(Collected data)

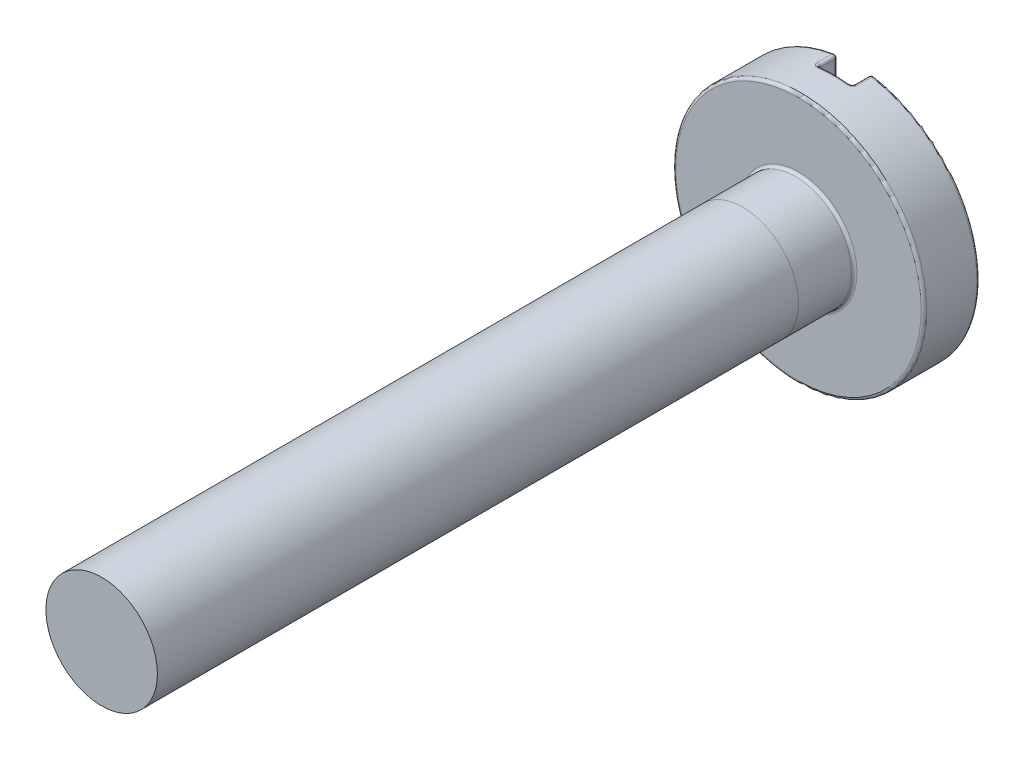
SolidWorks part; units mm, degrees
ref_plane "Front Plane" through (0, 0, 0) normal (0, 0, 1) x (1, 0, 0)
ref_plane "Top Plane" through (0, 0, 0) normal (0, 1, 0) x (1, 0, 0)
ref_plane "Right Plane" through (0, 0, 0) normal (1, 0, 0) x (0, 0, -1)
sketch "Sketch1" plane through (0, 0, 0) normal (0, 0, 1) x (1, 0, 0)
  circle A0 centre (0, 0) radius 1
  dimension "D1" = 2
extrude "Boss-Extrude1" add sketch "Sketch1" along normal blind 12.5
sketch "Sketch2" plane through (0, 0, 0) normal (0, 0, 1) x (1, 0, 0)
  circle A2 centre (0, 0) radius 2.25
  circle A3 centre (0, 0) radius 2.25
  dimension "D1" = 1.25
extrude "Boss-Extrude2" add sketch "Sketch2" against normal blind 1
sketch "Sketch3" plane through (0, 0, -1) normal (0, 0, -1) x (-1, 0, 0)
  line L1 (0.3, -6.7813) -> (-0.3, -6.7813)
  line L2 (0.3, -6.7813) -> (0.3, 6.7813)
  line L3 (0.3, 6.7813) -> (-0.3, 6.7813)
  line L4 (-0.3, -6.7813) -> (-0.3, 6.7813)
  line L5 (0.3, -6.7813) -> (-0.3, 6.7813) construction
  line L6 (0.3, 6.7813) -> (-0.3, -6.7813) construction
  point P0 (0, 0)
  dimension "D1" = 0.6
extrude "Cut-Extrude1" cut sketch "Sketch3" against normal blind 0.35
fillet "Fillet1" radius 0.05 12 edges at (-0.3, -2.2299, -0.825) (-0.3, 2.2299, -0.825) (0.3, 2.2299, -0.825) (0.3, -2.2299, -0.825) (0, 2.25, -0.65) (0, -2.25, -0.65) (0.3, 0, -0.65) (-0.3, 0, -0.65) (-0.3, 0, -1) (-2.25, 0, -1) (0.3, 0, -1) (2.25, 0, -1)
fillet "Fillet2" radius 0.05 2 edges at (2.25, 0, 0) (1, 0, 0)
sketch "Sketch4" plane through (0, 0, 0) normal (1, 0, 0) x (0, 0, -1)
  line L0 (-1, -3.6683) -> (-1, 4.4314)
  line L1 (-12.5, 1) -> (-12.5, -1) construction
  dimension "D1" = 11.5
split line "Split Line1"

- TASK DESCRIPTION -
Copy the entries exactly. Leave the pictures out.

- WRITTEN REPLY -
SolidWorks part; units mm, degrees
ref_plane "Front Plane" through (0, 0, 0) normal (0, 0, 1) x (1, 0, 0)
ref_plane "Top Plane" through (0, 0, 0) normal (0, 1, 0) x (1, 0, 0)
ref_plane "Right Plane" through (0, 0, 0) normal (1, 0, 0) x (0, 0, -1)
sketch "Sketch1" plane through (0, 0, 0) normal (0, 0, 1) x (1, 0, 0)
  circle A0 centre (0, 0) radius 1
  dimension "D1" = 2
extrude "Boss-Extrude1" add sketch "Sketch1" along normal blind 12.5
sketch "Sketch2" plane through (0, 0, 0) normal (0, 0, 1) x (1, 0, 0)
  circle A2 centre (0, 0) radius 2.25
  circle A3 centre (0, 0) radius 2.25
  dimension "D1" = 1.25
extrude "Boss-Extrude2" add sketch "Sketch2" against normal blind 1
sketch "Sketch3" plane through (0, 0, -1) normal (0, 0, -1) x (-1, 0, 0)
  line L1 (0.3, -6.7813) -> (-0.3, -6.7813)
  line L2 (0.3, -6.7813) -> (0.3, 6.7813)
  line L3 (0.3, 6.7813) -> (-0.3, 6.7813)
  line L4 (-0.3, -6.7813) -> (-0.3, 6.7813)
  line L5 (0.3, -6.7813) -> (-0.3, 6.7813) construction
  line L6 (0.3, 6.7813) -> (-0.3, -6.7813) construction
  point P0 (0, 0)
  dimension "D1" = 0.6
extrude "Cut-Extrude1" cut sketch "Sketch3" against normal blind 0.35
fillet "Fillet1" radius 0.05 12 edges at (-0.3, -2.2299, -0.825) (-0.3, 2.2299, -0.825) (0.3, 2.2299, -0.825) (0.3, -2.2299, -0.825) (0, 2.25, -0.65) (0, -2.25, -0.65) (0.3, 0, -0.65) (-0.3, 0, -0.65) (-0.3, 0, -1) (-2.25, 0, -1) (0.3, 0, -1) (2.25, 0, -1)
fillet "Fillet2" radius 0.05 2 edges at (2.25, 0, 0) (1, 0, 0)
sketch "Sketch4" plane through (0, 0, 0) normal (1, 0, 0) x (0, 0, -1)
  line L0 (-1, -3.6683) -> (-1, 4.4314)
  line L1 (-12.5, 1) -> (-12.5, -1) construction
  dimension "D1" = 11.5
split line "Split Line1"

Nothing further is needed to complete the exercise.